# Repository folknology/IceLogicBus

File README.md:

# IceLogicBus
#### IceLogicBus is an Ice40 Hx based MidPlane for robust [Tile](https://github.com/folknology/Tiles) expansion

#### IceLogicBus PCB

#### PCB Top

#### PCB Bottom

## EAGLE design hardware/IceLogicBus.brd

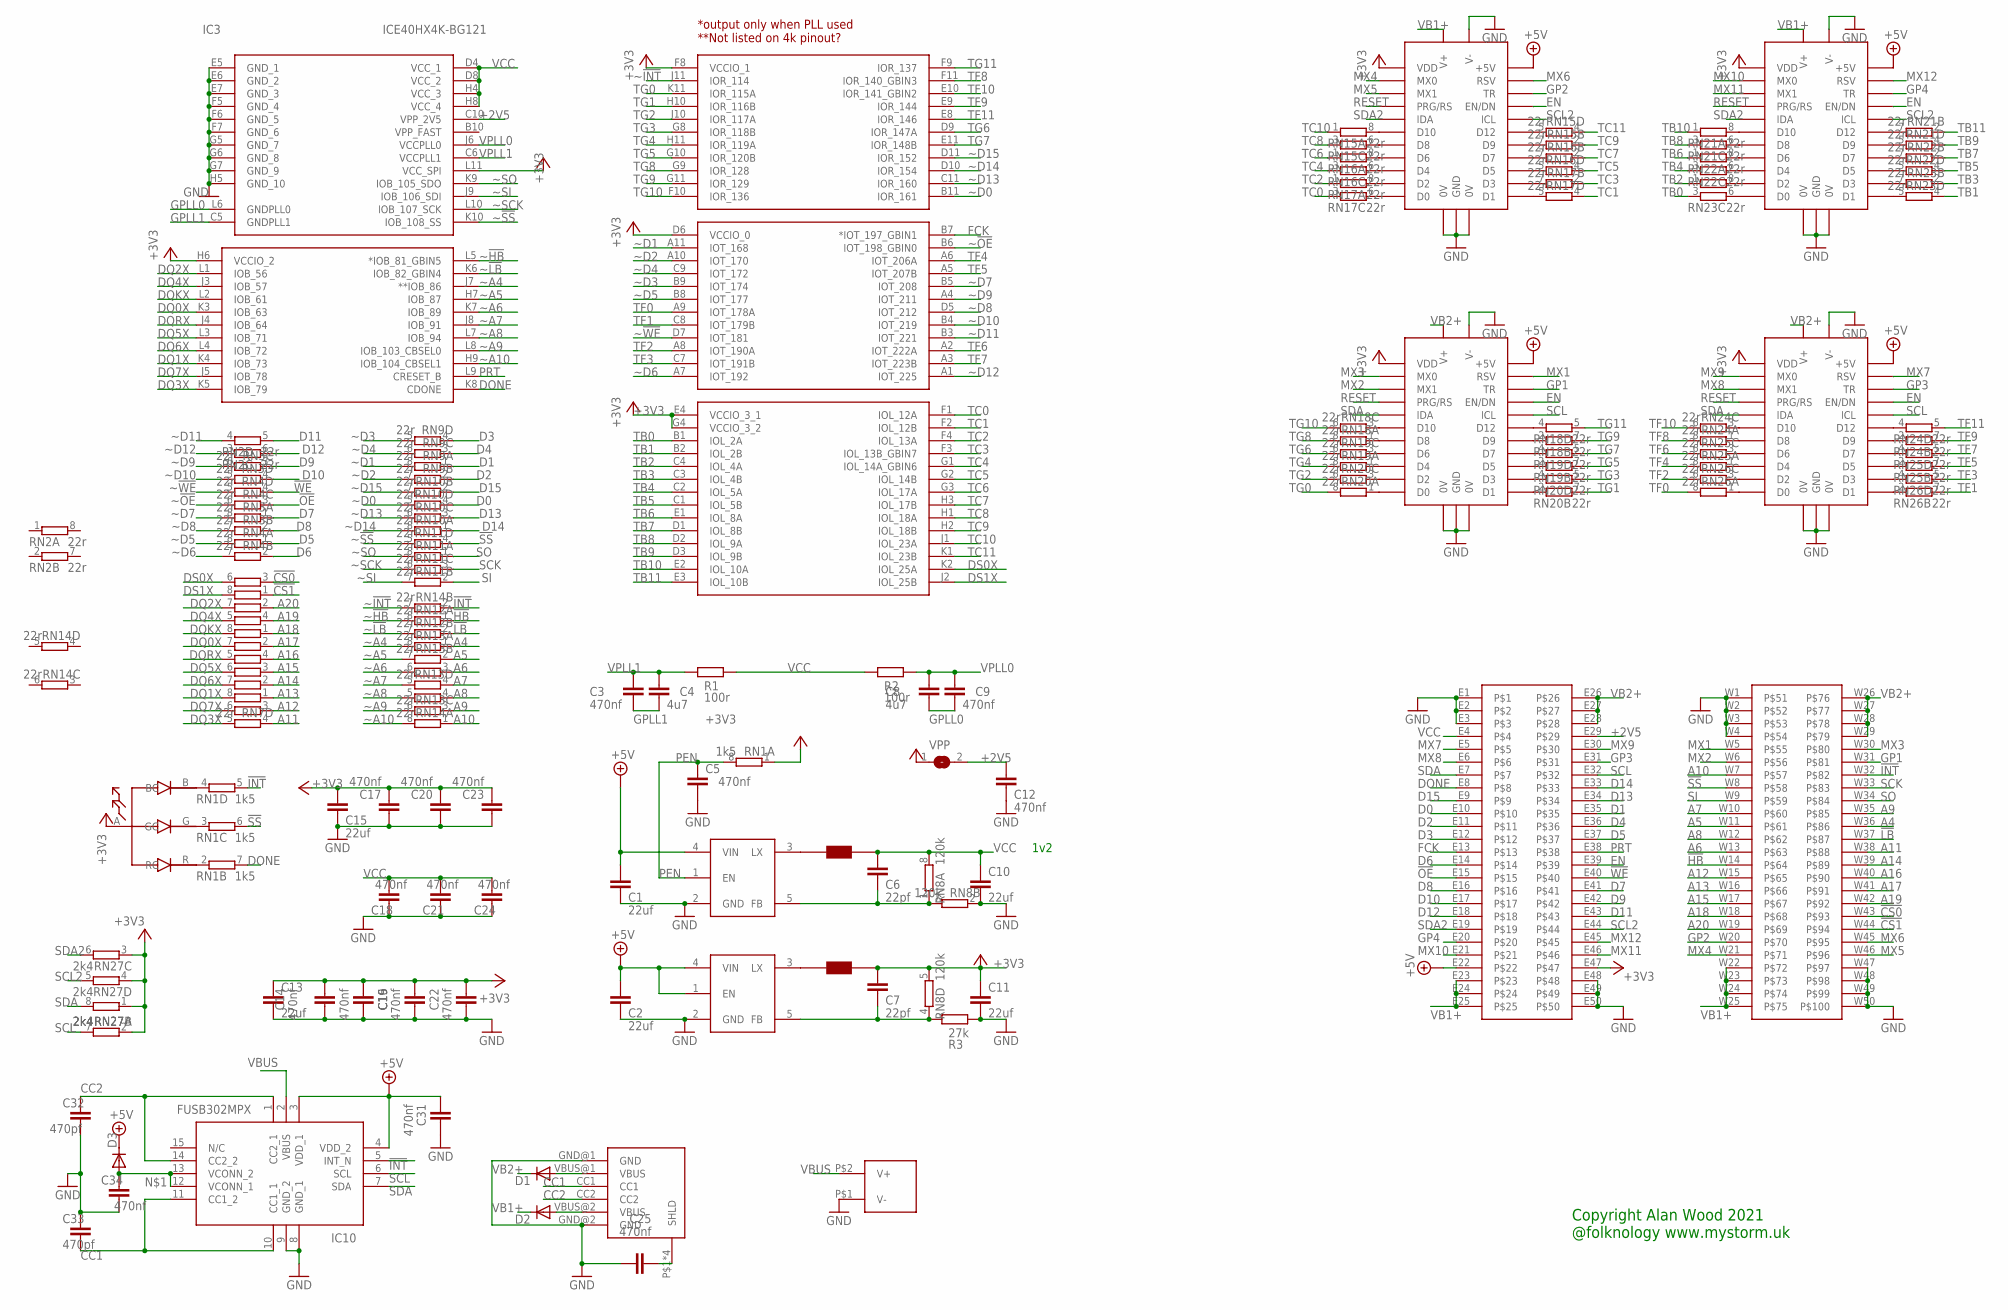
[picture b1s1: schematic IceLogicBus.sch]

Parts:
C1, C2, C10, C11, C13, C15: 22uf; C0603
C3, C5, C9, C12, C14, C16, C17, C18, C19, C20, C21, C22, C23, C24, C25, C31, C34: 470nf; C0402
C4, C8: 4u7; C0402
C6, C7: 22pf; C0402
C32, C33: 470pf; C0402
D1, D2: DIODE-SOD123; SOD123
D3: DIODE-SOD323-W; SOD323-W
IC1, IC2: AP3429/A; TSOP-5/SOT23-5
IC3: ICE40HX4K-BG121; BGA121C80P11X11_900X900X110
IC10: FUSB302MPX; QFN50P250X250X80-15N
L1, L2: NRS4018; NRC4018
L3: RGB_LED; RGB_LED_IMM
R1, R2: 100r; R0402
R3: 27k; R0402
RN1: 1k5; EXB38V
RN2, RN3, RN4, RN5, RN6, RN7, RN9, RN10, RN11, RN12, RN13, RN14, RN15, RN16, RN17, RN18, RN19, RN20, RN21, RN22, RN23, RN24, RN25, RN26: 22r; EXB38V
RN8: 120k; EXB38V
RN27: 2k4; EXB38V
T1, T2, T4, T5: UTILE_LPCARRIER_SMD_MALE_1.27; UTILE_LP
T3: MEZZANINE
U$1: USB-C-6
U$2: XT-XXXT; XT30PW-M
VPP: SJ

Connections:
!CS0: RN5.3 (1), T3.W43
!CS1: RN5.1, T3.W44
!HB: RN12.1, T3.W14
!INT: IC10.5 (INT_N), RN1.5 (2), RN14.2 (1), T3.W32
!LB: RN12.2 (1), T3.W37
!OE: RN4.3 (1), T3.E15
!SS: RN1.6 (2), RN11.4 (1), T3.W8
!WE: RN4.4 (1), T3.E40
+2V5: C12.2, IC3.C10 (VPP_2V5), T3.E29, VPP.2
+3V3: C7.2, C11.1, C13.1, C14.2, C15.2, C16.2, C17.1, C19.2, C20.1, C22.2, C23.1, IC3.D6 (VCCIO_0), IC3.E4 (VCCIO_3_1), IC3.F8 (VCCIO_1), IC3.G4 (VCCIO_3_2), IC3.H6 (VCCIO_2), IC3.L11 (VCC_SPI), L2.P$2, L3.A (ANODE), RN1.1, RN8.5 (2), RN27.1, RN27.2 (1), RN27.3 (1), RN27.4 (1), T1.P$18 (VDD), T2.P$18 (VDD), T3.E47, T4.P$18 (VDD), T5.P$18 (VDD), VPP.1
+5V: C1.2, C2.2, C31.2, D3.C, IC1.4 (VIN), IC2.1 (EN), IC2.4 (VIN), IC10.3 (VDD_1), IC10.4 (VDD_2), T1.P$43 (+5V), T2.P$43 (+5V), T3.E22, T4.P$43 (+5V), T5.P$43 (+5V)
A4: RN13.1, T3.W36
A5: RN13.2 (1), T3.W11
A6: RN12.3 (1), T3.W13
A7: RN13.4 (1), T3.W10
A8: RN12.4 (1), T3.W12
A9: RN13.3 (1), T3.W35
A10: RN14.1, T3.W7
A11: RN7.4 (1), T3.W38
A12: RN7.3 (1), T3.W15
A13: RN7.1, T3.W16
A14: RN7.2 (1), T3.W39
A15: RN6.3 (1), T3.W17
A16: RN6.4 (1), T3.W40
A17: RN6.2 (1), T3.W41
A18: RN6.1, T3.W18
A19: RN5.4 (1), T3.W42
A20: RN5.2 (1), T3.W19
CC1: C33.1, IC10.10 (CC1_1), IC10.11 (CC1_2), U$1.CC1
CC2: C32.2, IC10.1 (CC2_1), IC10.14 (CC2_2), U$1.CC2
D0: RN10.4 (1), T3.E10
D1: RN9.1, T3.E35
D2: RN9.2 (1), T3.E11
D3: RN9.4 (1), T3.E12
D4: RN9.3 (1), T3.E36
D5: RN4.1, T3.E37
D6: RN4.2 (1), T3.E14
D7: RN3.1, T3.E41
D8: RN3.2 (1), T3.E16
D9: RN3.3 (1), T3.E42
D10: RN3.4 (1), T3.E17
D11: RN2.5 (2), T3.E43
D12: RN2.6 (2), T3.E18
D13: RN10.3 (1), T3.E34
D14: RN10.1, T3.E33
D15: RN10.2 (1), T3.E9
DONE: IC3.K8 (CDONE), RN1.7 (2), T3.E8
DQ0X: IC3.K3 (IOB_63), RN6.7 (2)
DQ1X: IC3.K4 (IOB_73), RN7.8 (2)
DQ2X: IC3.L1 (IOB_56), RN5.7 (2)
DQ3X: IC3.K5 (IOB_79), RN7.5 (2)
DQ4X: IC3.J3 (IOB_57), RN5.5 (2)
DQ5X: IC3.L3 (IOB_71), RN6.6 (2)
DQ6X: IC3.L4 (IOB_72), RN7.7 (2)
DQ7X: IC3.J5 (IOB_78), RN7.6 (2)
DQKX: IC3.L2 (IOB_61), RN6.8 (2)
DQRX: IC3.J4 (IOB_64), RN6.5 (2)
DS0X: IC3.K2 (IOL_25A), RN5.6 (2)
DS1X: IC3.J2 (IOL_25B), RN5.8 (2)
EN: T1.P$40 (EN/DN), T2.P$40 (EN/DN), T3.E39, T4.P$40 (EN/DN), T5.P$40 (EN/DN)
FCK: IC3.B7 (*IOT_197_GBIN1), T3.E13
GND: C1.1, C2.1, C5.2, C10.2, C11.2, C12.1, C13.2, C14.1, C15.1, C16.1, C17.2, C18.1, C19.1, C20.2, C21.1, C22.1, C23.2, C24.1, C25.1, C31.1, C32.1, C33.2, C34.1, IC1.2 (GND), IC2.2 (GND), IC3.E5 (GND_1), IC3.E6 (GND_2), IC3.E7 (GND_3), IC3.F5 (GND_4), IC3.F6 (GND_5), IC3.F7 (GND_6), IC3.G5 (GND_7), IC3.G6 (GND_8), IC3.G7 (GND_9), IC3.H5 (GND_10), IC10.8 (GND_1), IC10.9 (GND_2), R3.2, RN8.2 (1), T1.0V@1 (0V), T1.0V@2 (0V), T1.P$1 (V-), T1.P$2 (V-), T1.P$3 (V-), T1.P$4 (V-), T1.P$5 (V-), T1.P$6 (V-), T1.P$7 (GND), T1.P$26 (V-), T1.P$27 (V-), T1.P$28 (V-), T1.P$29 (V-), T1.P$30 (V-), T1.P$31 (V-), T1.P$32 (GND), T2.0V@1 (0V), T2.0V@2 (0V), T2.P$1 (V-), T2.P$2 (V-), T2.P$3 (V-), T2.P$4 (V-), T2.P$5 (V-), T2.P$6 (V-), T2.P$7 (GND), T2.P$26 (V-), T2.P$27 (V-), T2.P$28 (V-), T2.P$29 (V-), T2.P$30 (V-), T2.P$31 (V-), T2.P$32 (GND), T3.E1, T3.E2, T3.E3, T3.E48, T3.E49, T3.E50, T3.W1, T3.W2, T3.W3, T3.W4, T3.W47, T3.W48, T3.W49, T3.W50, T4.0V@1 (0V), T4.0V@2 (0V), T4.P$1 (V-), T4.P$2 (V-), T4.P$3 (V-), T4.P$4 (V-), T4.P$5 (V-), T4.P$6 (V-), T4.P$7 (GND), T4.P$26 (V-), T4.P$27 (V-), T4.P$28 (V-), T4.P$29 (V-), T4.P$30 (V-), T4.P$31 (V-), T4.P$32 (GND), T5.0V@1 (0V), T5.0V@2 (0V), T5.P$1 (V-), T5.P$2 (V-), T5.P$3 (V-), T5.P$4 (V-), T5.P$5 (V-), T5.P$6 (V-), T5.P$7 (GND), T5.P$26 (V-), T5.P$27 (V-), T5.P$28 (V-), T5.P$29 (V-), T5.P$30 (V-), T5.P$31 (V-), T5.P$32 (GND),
----------
*What to produce*
Among the records above, extract exactly the lines from the line with "RN14.2 (1), T3.W32" to the line with "DQKX: IC3.L2 (IOB_61), RN6.8 (2)", both lines included, and leave out the rest.

*Exercise response*
!INT: IC10.5 (INT_N), RN1.5 (2), RN14.2 (1), T3.W32
!LB: RN12.2 (1), T3.W37
!OE: RN4.3 (1), T3.E15
!SS: RN1.6 (2), RN11.4 (1), T3.W8
!WE: RN4.4 (1), T3.E40
+2V5: C12.2, IC3.C10 (VPP_2V5), T3.E29, VPP.2
+3V3: C7.2, C11.1, C13.1, C14.2, C15.2, C16.2, C17.1, C19.2, C20.1, C22.2, C23.1, IC3.D6 (VCCIO_0), IC3.E4 (VCCIO_3_1), IC3.F8 (VCCIO_1), IC3.G4 (VCCIO_3_2), IC3.H6 (VCCIO_2), IC3.L11 (VCC_SPI), L2.P$2, L3.A (ANODE), RN1.1, RN8.5 (2), RN27.1, RN27.2 (1), RN27.3 (1), RN27.4 (1), T1.P$18 (VDD), T2.P$18 (VDD), T3.E47, T4.P$18 (VDD), T5.P$18 (VDD), VPP.1
+5V: C1.2, C2.2, C31.2, D3.C, IC1.4 (VIN), IC2.1 (EN), IC2.4 (VIN), IC10.3 (VDD_1), IC10.4 (VDD_2), T1.P$43 (+5V), T2.P$43 (+5V), T3.E22, T4.P$43 (+5V), T5.P$43 (+5V)
A4: RN13.1, T3.W36
A5: RN13.2 (1), T3.W11
A6: RN12.3 (1), T3.W13
A7: RN13.4 (1), T3.W10
A8: RN12.4 (1), T3.W12
A9: RN13.3 (1), T3.W35
A10: RN14.1, T3.W7
A11: RN7.4 (1), T3.W38
A12: RN7.3 (1), T3.W15
A13: RN7.1, T3.W16
A14: RN7.2 (1), T3.W39
A15: RN6.3 (1), T3.W17
A16: RN6.4 (1), T3.W40
A17: RN6.2 (1), T3.W41
A18: RN6.1, T3.W18
A19: RN5.4 (1), T3.W42
A20: RN5.2 (1), T3.W19
CC1: C33.1, IC10.10 (CC1_1), IC10.11 (CC1_2), U$1.CC1
CC2: C32.2, IC10.1 (CC2_1), IC10.14 (CC2_2), U$1.CC2
D0: RN10.4 (1), T3.E10
D1: RN9.1, T3.E35
D2: RN9.2 (1), T3.E11
D3: RN9.4 (1), T3.E12
D4: RN9.3 (1), T3.E36
D5: RN4.1, T3.E37
D6: RN4.2 (1), T3.E14
D7: RN3.1, T3.E41
D8: RN3.2 (1), T3.E16
D9: RN3.3 (1), T3.E42
D10: RN3.4 (1), T3.E17
D11: RN2.5 (2), T3.E43
D12: RN2.6 (2), T3.E18
D13: RN10.3 (1), T3.E34
D14: RN10.1, T3.E33
D15: RN10.2 (1), T3.E9
DONE: IC3.K8 (CDONE), RN1.7 (2), T3.E8
DQ0X: IC3.K3 (IOB_63), RN6.7 (2)
DQ1X: IC3.K4 (IOB_73), RN7.8 (2)
DQ2X: IC3.L1 (IOB_56), RN5.7 (2)
DQ3X: IC3.K5 (IOB_79), RN7.5 (2)
DQ4X: IC3.J3 (IOB_57), RN5.5 (2)
DQ5X: IC3.L3 (IOB_71), RN6.6 (2)
DQ6X: IC3.L4 (IOB_72), RN7.7 (2)
DQ7X: IC3.J5 (IOB_78), RN7.6 (2)
DQKX: IC3.L2 (IOB_61), RN6.8 (2)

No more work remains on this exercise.